Psychologically, however, they are more vulnerable than Millennials were: Rates of teen depression and suicide have skyrocketed since 2011. It’s not an exaggeration to describe iGen as being on the brink of the worst mental-health crisis in decades. Much of this deterioration can be traced to their phones.

Even when a seismic event—a war, a technological leap, a free concert in the mud—plays an outsize role in shaping a group of young people, no single factor ever defines a generation. Parenting styles continue to change, as do school curricula and culture, and these things matter. But the twin rise of the smartphone and social media has caused an earthquake of a magnitude we’ve not seen in a very long time, if ever. There is compelling evidence that the devices we’ve placed in young people’s hands are having profound effects on their lives—and making them seriously unhappy.

**


Gen X managed to stretch adolescence beyond all previous limits: Its members started becoming adults earlier and finished becoming adults later. Beginning with Millennials and continuing with iGen, adolescence is contracting again—but only because its onset is being delayed. Across a range of behaviors—drinking, dating, spending time unsupervised— 18-year-olds now act more like 15-year-olds used to, and 15-year-olds more like 13-year-olds. Childhood now stretches well into high school.
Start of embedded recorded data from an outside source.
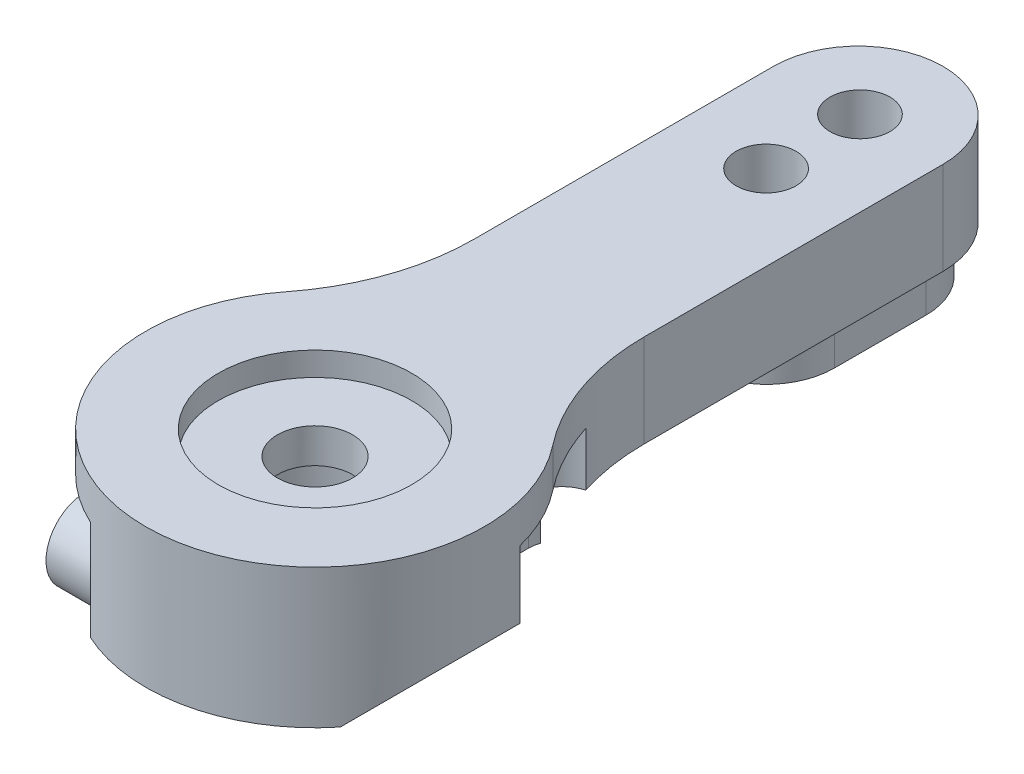
SolidWorks part; units mm, degrees
ref_plane "Front Plane" through (0, 0, 0) normal (0, 0, 1) x (1, 0, 0)
ref_plane "Top Plane" through (0, 0, 0) normal (0, 1, 0) x (1, 0, 0)
ref_plane "Right Plane" through (0, 0, 0) normal (1, 0, 0) x (0, 0, -1)
sketch "Sketch1" plane through (0, 0, 0) normal (0, 1, 0) x (1, 0, 0)
  line L0 (0, 24.015) -> (0, 0) construction
  line L1 (3.75, 24.015) -> (3.75, 0)
  line L2 (-3.75, 24.015) -> (-3.75, 0)
  line L3 (0, 24.015) -> (0, 19.955) construction
  line L4 (3, 24.015) -> (3, 19.955)
  line L5 (-3, 24.015) -> (-3, 19.955)
  circle A0 centre (0, 0) radius 7.485
  arc A1 (3.75, 24.015) -> (-3.75, 24.015) centre (0, 24.015) ccw
  arc A2 (-3.75, 0) -> (3.75, 0) centre (0, 0) ccw
  arc A3 (3, 24.015) -> (-3, 24.015) centre (0, 24.015) ccw
  arc A4 (-3, 19.955) -> (3, 19.955) centre (0, 19.955) ccw
  point P3 (0, 12.0075)
  point P11 (0, 21.985)
  dimension "D2" = 14.97
  dimension "D1" = 7.5
  dimension "D3" = 24.015
  dimension "D4" = 6
  dimension "D5" = 4.06
extrude "Boss-Extrude1" add sketch "Sketch1" along normal blind 2.05 contours A2 L2 A0 L1 | L5 A4 L4 A3 | L2 A2 L1 A0 region at (6.307, 0, -3.6365) region at (0, 0, -2.0765) region at (0, 0, -21.985)
extrude "Boss-Extrude2" add sketch "Sketch1<3>" along normal blind 4.1 from surface contours A2 L2 A0 L1 | L2 A2 L1 A0 | L1 A1 L2 A0 A4 L5 A3 L4 | L5 A4 L4 A3 region at (0, 0, -14.3795) region at (6.307, 0, -3.6365) region at (0, 0, -2.0765) region at (0, 0, -21.985) starting at face at (0, 2.05, -21.985)
sketch "Sketch1<3>" plane through (0, 0, 0) normal (0, 1, 0) x (1, 0, 0) same geometry as "Sketch1"
fillet "Fillet1" radius 10 2 edges at (-3.75, 4.1, -6.4779) (3.75, 4.1, -6.4779)
sketch "Sketch2" plane through (0, 6.15, 0) normal (0, 1, 0) x (1, 0, 0)
  circle A0 centre (0, 0) radius 1.66
  circle A1 centre (0, 0) radius 4.275
  dimension "D1" = 3.32
  dimension "D2" = 8.55
extrude "Cut-Extrude1" cut sketch "Sketch2" against normal through all contours A0 region at (0, 6.15, 0)
extrude "Cut-Extrude2" cut sketch "Sketch2<3>" against normal blind 1.05 contours A1 A0 region at (-4.1541, 6.15, 0)
sketch "Sketch2<3>" plane through (0, 6.15, 0) normal (0, 1, 0) x (1, 0, 0) same geometry as "Sketch2"
sketch "Sketch3" plane through (0, 0, 0) normal (0, -1, 0) x (-1, 0, 0)
  circle A0 centre (0, 19.94) radius 1.325
  circle A1 centre (0, 24.09) radius 1.325
  circle A2 centre (0, 0) radius 7.485 construction
  dimension "D1" = 2.65
  dimension "D2" = 4.15
  dimension "D3" = 24.09
extrude "Cut-Extrude3" cut sketch "Sketch3" against normal through all
sketch "Sketch4" plane through (0, 0, 0) normal (0, 0, 1) x (1, 0, 0)
  line L0 (5.8233, 0) -> (7.485, 1.6617)
  line L1 (-7.485, 0) -> (7.485, 0) construction
  line L2 (7.485, 0) -> (7.485, 6.15) construction
  dimension "D1" = 2.35
  dimension "D2" = 45
extrude "Cut-Extrude4" cut sketch "Sketch4" against normal through all and the other way through all flip side to cut
mirror "Mirror1" about plane through (0, 0, 0) normal (1, 0, 0) of "Cut-Extrude4"
sketch "Sketch5" plane through (0, 0, 0) normal (0, -1, 0) x (1, 0, 0)
  line L1 (21.7205, -1.7974) -> (4.635, -1.7974)
  line L2 (21.7205, -1.7974) -> (21.7205, -7.7974)
  line L3 (21.7205, -7.7974) -> (4.635, -7.7974)
  line L4 (3.135, -3.2974) -> (3.135, -6.2974)
  line L10 (-4.635, 1.7974) -> (-13.9063, 1.7974)
  line L11 (-3.135, 3.2974) -> (-3.135, 10.5078)
  line L12 (-3.135, 10.5078) -> (-13.9063, 10.5078)
  line L13 (-13.9063, 1.7974) -> (-13.9063, 10.5078)
  arc A0 (4.635, -7.7974) -> (3.135, -6.2974) centre (4.635, -6.2974) cw
  arc A1 (4.635, -1.7974) -> (3.135, -3.2974) centre (4.635, -3.2974) ccw
  arc A4 (-4.635, 1.7974) -> (-3.135, 3.2974) centre (-4.635, 3.2974) ccw
  dimension "D1" = 1.5
  dimension "D5" = 1.5
  dimension "D2" = 3
  dimension "D3" = 3.135
  dimension "D4" = 6.5
  dimension "D6" = 6.5
  dimension "D7" = 3.135
extrude "Cut-Extrude5" cut sketch "Sketch5" against normal blind 4.42
sketch "Sketch6" plane through (0, 0, 0) normal (0, -1, 0) x (1, 0, 0)
  circle A0 centre (0, 0) radius 3
  dimension "D1" = 6
extrude "Cut-Extrude6" cut sketch "Sketch6" against normal blind 3.57
sketch "Sketch7" plane through (-3.135, 0, 0) normal (-1, 0, 0) x (0, 0, 1)
  line L1 (1.7974, 4.42) -> (1.7974, 0) construction
  line L2 (3.2974, 4.42) -> (6.7968, 4.42) construction
  circle A0 centre (4.9974, 1.92) radius 1.76
  dimension "D1" = 3.52
  dimension "D2" = 3.2
  dimension "D3" = 2.5
extrude "Boss-Extrude3" add sketch "Sketch7" along normal blind 2
move or copy body "Body-Move/Copy1" [suppressed] bodies to move or copy 111
equation "\"D3@Sketch1\"=35.25-\"D1@Sketch1\"/2-\"D2@Sketch1\"/2"
equation "\"D5@Sketch1\"=10.06-\"D4@Sketch1\""
equation "\"D2@Sketch3\"=1.5+\"D1@Sketch3\""
equation "\"D3@Sketch3\"=30.25+\"D1@Sketch3\"/2-14.97/2"
equation "\"D3@Sketch5\"=2.58+1.11/2"
equation "\"D6@Sketch5\"=\"D4@Sketch5\""
equation "\"D7@Sketch5\"=\"D3@Sketch5\""
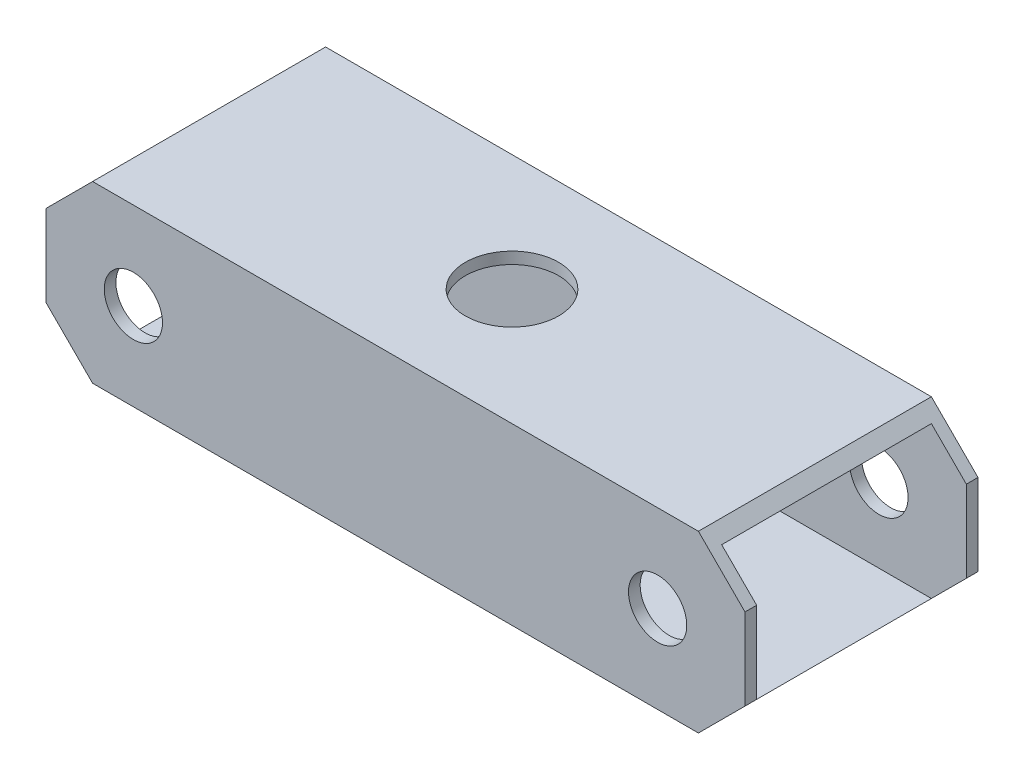
SolidWorks part; units mm, degrees
ref_plane "Front Plane" through (0, 0, 0) normal (0, 0, 1) x (1, 0, 0)
ref_plane "Top Plane" through (0, 0, 0) normal (0, 1, 0) x (1, 0, 0)
ref_plane "Right Plane" through (0, 0, 0) normal (1, 0, 0) x (0, 0, -1)
sketch "Sketch1" plane through (0, 0, 0) normal (0, 1, 0) x (1, 0, 0)
  line L1 (0, 0) -> (120, 0)
  line L2 (0, 0) -> (0, 40)
  line L3 (0, 40) -> (120, 40)
  line L4 (120, 0) -> (120, 40)
  dimension "D1" = 120
  dimension "D2" = 40
extrude "Boss-Extrude3" add sketch "Sketch1" along normal blind 30
sketch "Sketch3" plane through (0, 0, -40) normal (0, 0, -1) x (-1, 0, 0)
  line L0 (-120, 0) -> (0, 0) construction
  line L1 (-120, 30) -> (-120, 0) construction
  line L2 (-60, 30) -> (-60, 0) construction
  line L3 (-120, 30) -> (0, 30) construction
  circle A0 centre (-105, 15) radius 5
  circle A1 centre (-15, 15) radius 5
  dimension "D2" = 10
  dimension "D1" = 15
  dimension "D3" = 15
extrude "Cut-Extrude2" cut sketch "Sketch3" against normal through all
sketch3d "3DSketch1"
  line L0 (0, 28, -2) -> (0, 28, -38)
  line L1 (0, 28, -38) -> (0, 2, -38)
  line L2 (0, 2, -38) -> (0, 2, -2)
  line L3 (0, 2, -2) -> (0, 28, -2)
  line L4 (0, 28, -2) -> (0, 28, -38)
  line L5 (0, 28, -38) -> (0, 2, -38)
  line L6 (0, 2, -38) -> (0, 2, -2)
  line L7 (0, 2, -2) -> (0, 28, -2)
  dimension "D1" = 2
extrude "Cut-Extrude3" cut sketch "3DSketch1" along direction (-1, 0, 0) on the side against the normal blind 120
sketch "Sketch6" plane through (0, 30, 0) normal (0, 1, 0) x (1, 0, 0)
  line L0 (0, 0) -> (120, 0) construction
  line L1 (0, 40) -> (0, 0) construction
  circle A0 centre (60, 20) radius 8
  dimension "D1" = 16
  dimension "D2" = 20
  dimension "D3" = 60
extrude "Cut-Extrude4" cut sketch "Sketch6" against normal blind 120
chamfer "Chamfer2" distance 8 angle 45 4 edges at (0, 0, -20) (0, 30, -20) (120, 0, -20) (120, 30, -20)
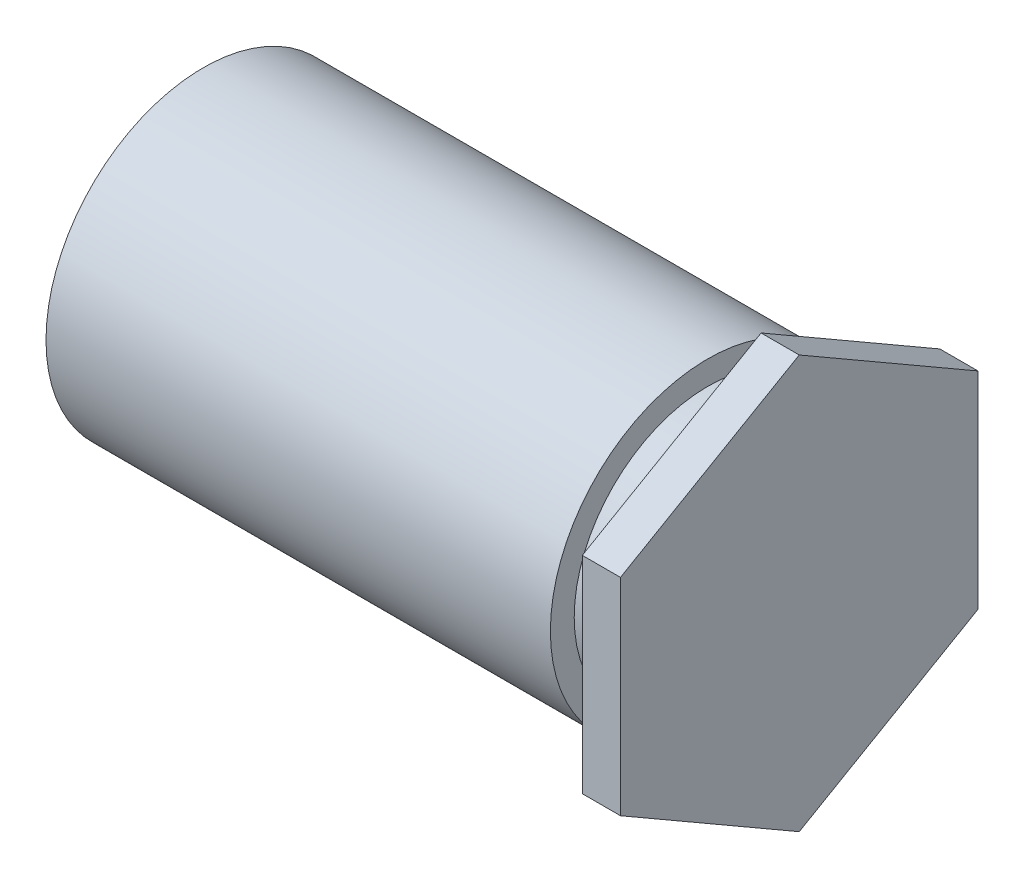
SolidWorks part; units mm, degrees
ref_plane "Front Plane" through (0, 0, 0) normal (0, 0, 1) x (1, 0, 0)
ref_plane "Top Plane" through (0, 0, 0) normal (0, 1, 0) x (1, 0, 0)
ref_plane "Right Plane" through (0, 0, 0) normal (1, 0, 0) x (0, 0, -1)
sketch "Sketch1" plane through (0, 0, 0) normal (0, 0, 1) x (1, 0, 0)
  line L0 (-3.9688, 0) -> (3.9688, 0) construction
  line L1 (-3.9687, 2.0955) -> (-3.9687, -2.0955) construction
  line L2 (0, 1.4224) -> (0, -1.4224) construction
  line L3 (3.9688, 2.3813) -> (3.9688, -2.3813) construction
  line L4 (0, 1.4224) -> (-3.9687, 1.4224) construction
  line L5 (0, -1.4224) -> (-3.9687, -1.4224) construction
  point P4 (0, 0)
  point P10 (3.4608, 0)
  point P11 (2.7496, 0)
  dimension "OD" = 4.191
  dimension "Length" = 7.9375
  dimension "Thread Height" = 3.9688
  dimension "Thread Size" = 2.8448
  dimension "D1" = 4.7625
  dimension "D3" = 0.7112
  dimension "D4" = 0.508
ref_plane "Plane1" through (-3.9687, 0, 0) normal (1, 0, 0) x (0, 0, -1)
sketch "Sketch2" plane through (-3.9687, 0, 0) normal (1, 0, 0) x (0, 0, -1)
  circle A0 centre (0, 0) radius 2.0955
extrude "Extrude1" add sketch "Sketch2" along normal up to vertex (7.9375 mm away) up to point (3.9688, 0, 0)
sketch "Sketch3" plane through (3.9688, 0, 0) normal (1, 0, 0) x (0, 0, -1)
  line L1 (0, 2.7496) -> (-2.3813, 1.3748)
  line L2 (-2.3813, 1.3748) -> (-2.3813, -1.3748)
  line L3 (-2.3813, -1.3748) -> (0, -2.7496)
  line L4 (0, -2.7496) -> (2.3813, -1.3748)
  line L5 (2.3813, -1.3748) -> (2.3813, 1.3748)
  line L6 (2.3813, 1.3748) -> (0, 2.7496)
  circle A0 centre (0, 0) radius 2.3813 construction
extrude "Extrude2" add sketch "Sketch3" against normal up to vertex (0.508 mm away) up to point (3.4608, 0, 0)
sketch "Sketch4" plane through (3.4608, 0, 0) normal (-1, 0, 0) x (0, 0, 1)
  circle A0 centre (0, 0) radius 1.778
  circle A1 centre (0, 0) radius 2.0955 construction
  circle A2 centre (0, 0) radius 2.0955
  dimension "D1" = 0.3175
extrude "Extrude3" cut sketch "Sketch4" along normal up to vertex (0.7112 mm away) up to point (2.7496, 0, 0)
sketch "Sketch5" plane through (-3.9687, 0, 0) normal (-1, 0, 0) x (0, 0, 1)
  line L0 (0, 0) -> (-1.0058, 1.0058) construction
  line L1 (0, 0) -> (-1.4224, 0) construction
  circle A0 centre (0, 0) radius 1.4224
  dimension "D1" = 45
extrude "Extrude4" cut sketch "Sketch5" against normal up to vertex (3.9688 mm away) up to point (0, 0, 0)
sketch "Sketch6" plane through (-3.9687, 0, 0) normal (-1, 0, 0) x (0, 0, 1)
  circle A1 centre (0, 0) radius 1.4224
  circle A2 centre (0, 0) radius 1.4224
  dimension "D1" = 0
curve "Helix/Spiral1" pitch 0.635 height 3.9688 turns 6.25 parameters "Pitch"=0.635
sketch "Sketch7" plane through (0, 0, 0) normal (0, 0, 1) x (1, 0, 0)
  line L0 (-4.5244, 1.4224) -> (-3.9687, 1.4224)
  line L1 (-4.5244, 1.4224) -> (-4.2862, 1.01)
  line L2 (-4.2862, 1.01) -> (-4.2069, 1.01)
  line L3 (-4.2069, 1.01) -> (-3.9687, 1.4224)
  line L4 (-4.2466, 1.01) -> (-4.2466, 1.4224) construction
  line L5 (-4.4053, 1.2162) -> (-4.0878, 1.2162) construction
  dimension "D1" = 60
  dimension "D2" = 0.0794
sweep "Sweep1" add profiles "Sketch7" path "Helix/Spiral1"
sketch "Sketch8" plane through (-3.9687, 0, 0) normal (-1, 0, 0) x (0, 0, 1)
  circle A2 centre (0, 0) radius 1.4732
  circle A3 centre (0, 0) radius 1.4732
  dimension "D1" = 0.0508
extrude "Extrude6" cut sketch "Sketch8" along normal through all and the other way through all draft 45
equation "\"D2@Sketch7\" = \"Pitch@Helix/Spiral1\"*.125"
equation "\"D3@Sketch7\" = \"Pitch@Helix/Spiral1\"*.5"
equation "\"D3@Helix/Spiral1\" = \"Thread Height@Sketch1\""
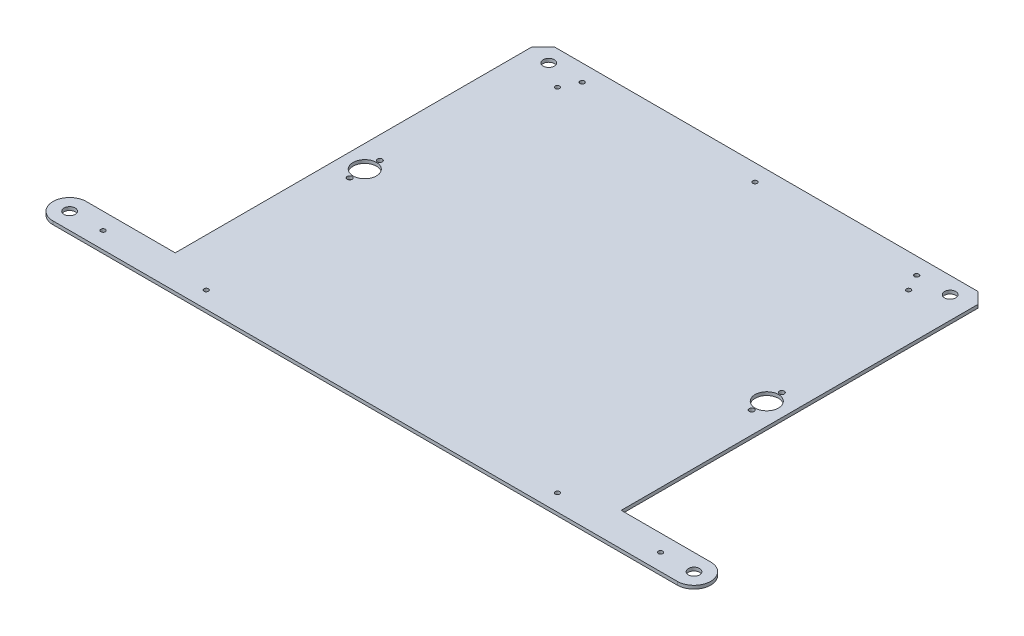
SolidWorks part; units mm, degrees
ref_plane "Front Plane" through (0, 0, 0) normal (0, 0, 1) x (1, 0, 0)
ref_plane "Top Plane" through (0, 0, 0) normal (0, 1, 0) x (1, 0, 0)
ref_plane "Right Plane" through (0, 0, 0) normal (1, 0, 0) x (0, 0, -1)
sketch "Sketch1" plane through (0, 0, 0) normal (0, 1, 0) x (1, 0, 0)
  line L0 (0, 0) -> (0, -157.5) construction
  line L1 (0, -157.5) -> (-280, -157.5) construction
  line L2 (0, -157.5) -> (280, -157.5) construction
  line L3 (-200.2852, -142.5) -> (199.7148, -142.5) construction
  line L4 (-200.2852, -142.5) -> (-280, -142.5)
  line L5 (-157.5, 157.5) -> (157.5, -157.5) construction
  line L6 (-157.5, -157.5) -> (157.5, 157.5) construction
  line L7 (-200.2852, -142.5) -> (-200.2852, 187.5)
  line L8 (-200.2852, 187.5) -> (199.7148, 187.5)
  line L9 (199.7148, 187.5) -> (199.7148, -142.5)
  line L10 (-280, -172.5) -> (280, -172.5)
  line L11 (-180.2852, 172.5) -> (-180.2852, -157.5) construction
  line L12 (280, -142.5) -> (199.7148, -142.5)
  circle A0 centre (-157.5, 157.5) radius 2
  circle A1 centre (157.5, 157.5) radius 2
  circle A2 centre (157.5, -157.5) radius 2
  circle A3 centre (-157.5, -157.5) radius 2
  circle A4 centre (-280, -157.5) radius 5
  circle A5 centre (280, -157.5) radius 5
  arc A6 (-280, -142.5) -> (-280, -172.5) centre (-280, -157.5) ccw
  arc A7 (280, -172.5) -> (280, -142.5) centre (280, -157.5) ccw
  circle A8 centre (-250, -157.5) radius 2
  circle A9 centre (250, -157.5) radius 2
  circle A10 centre (-180.2852, 172.5) radius 5
  circle A11 centre (179.7148, 172.5) radius 5
  circle A12 centre (-150.2852, 172.5) radius 2
  circle A13 centre (4.7148, 172.5) radius 2
  circle A14 centre (149.7148, 172.5) radius 2
  circle A15 centre (-180.2852, 7.5) radius 10.5
  circle A16 centre (-180.2852, 21) radius 2.25
  circle A17 centre (-180.2852, -6) radius 2.25
  circle A18 centre (180.2852, -6) radius 2.25
  circle A19 centre (180.2852, 21) radius 2.25
  circle A20 centre (180.2852, 7.5) radius 10.5
  point P0 (0, 0)
  point P53 (0, 0)
  dimension "D3" = 445.4773
  dimension "D2" = 4
  dimension "D6" = 10
  dimension "D8" = 30
  dimension "D18" = 21
  dimension "D21" = 4.5
  dimension "D1" = 315
  dimension "D4" = 445.4773
  dimension "D9" = 30
  dimension "D10" = 400
  dimension "D11" = 20
  dimension "D12" = 15
  dimension "D13" = 15
  dimension "D14" = 20
  dimension "D15" = 30
  dimension "D16" = 30
  dimension "D17" = 330
  dimension "D19" = 27
  dimension "D20" = 13.5
  dimension "D23" = 280
extrude "Boss-Extrude1" add sketch "Sketch1" along normal blind 3
chamfer "Chamfer1" distance 10 angle 45 2 edges at (199.7148, 1.5, -187.5) (-200.2852, 1.5, -187.5)
chamfer "Chamfer2" distance 40 angle 45 rebuild error yes

Why are today’s teens waiting longer to take on both the responsibilities and the pleasures of adulthood? Shifts in the economy, and parenting, certainly play a role. In an information economy that rewards higher education more than early work history, parents may be inclined to encourage their kids to stay home and study rather than to get a part-time job. Teens, in turn, seem to be content with this homebody arrangement—not because they’re so studious, but because their social life is lived on their phone. They don’t need to leave home to spend time with their friends.


If today’s teens were a generation of grinds, we’d see that in the data. But eighth-, 10th-, and 12th-graders in the 2010s actually spend less time on homework than Gen X teens did in the early 1990s. (High-school seniors headed for four-year colleges spend about the same amount of time on homework as their predecessors did.) The time that seniors spend on activities such as student clubs and sports and exercise has changed little in recent years. Combined with the decline in working for pay, this means iGen teens have more leisure time than Gen X teens did, not less.


So what are they doing with all that time? They are on their phone, in their room, alone and often distressed.

**

The number of teens who get together with their friends nearly every day dropped by more than 40 percent from 2000 to 2015; the decline has been especially steep recently. It’s not only a matter of fewer kids partying; fewer kids are spending time simply hanging out. That’s something most teens used to do: nerds and jocks, poor kids and rich kids, C students and A students. The roller rink, the basketball court, the town pool, the local necking spot—they’ve all been replaced by virtual spaces accessed through apps and the web.

You might expect that teens spend so much time in these new spaces because it makes them happy, but most data suggest that it does not. The Monitoring the Future survey, funded by the National Institute on Drug Abuse and designed to be nationally representative, has asked 12th-graders more than 1,000 questions every year since 1975 and queried eighth- and 10th-graders since 1991. The survey asks teens how happy they are and also how much of their leisure time they spend on various activities, including nonscreen activities such as in-person social interaction and exercise, and, in recent years, screen activities such as using social media, texting, and browsing the web. The results could not be clearer: Teens who spend more time than average on screen activities are more likely to be unhappy, and those who spend more time than average on nonscreen activities are more likely to be happy.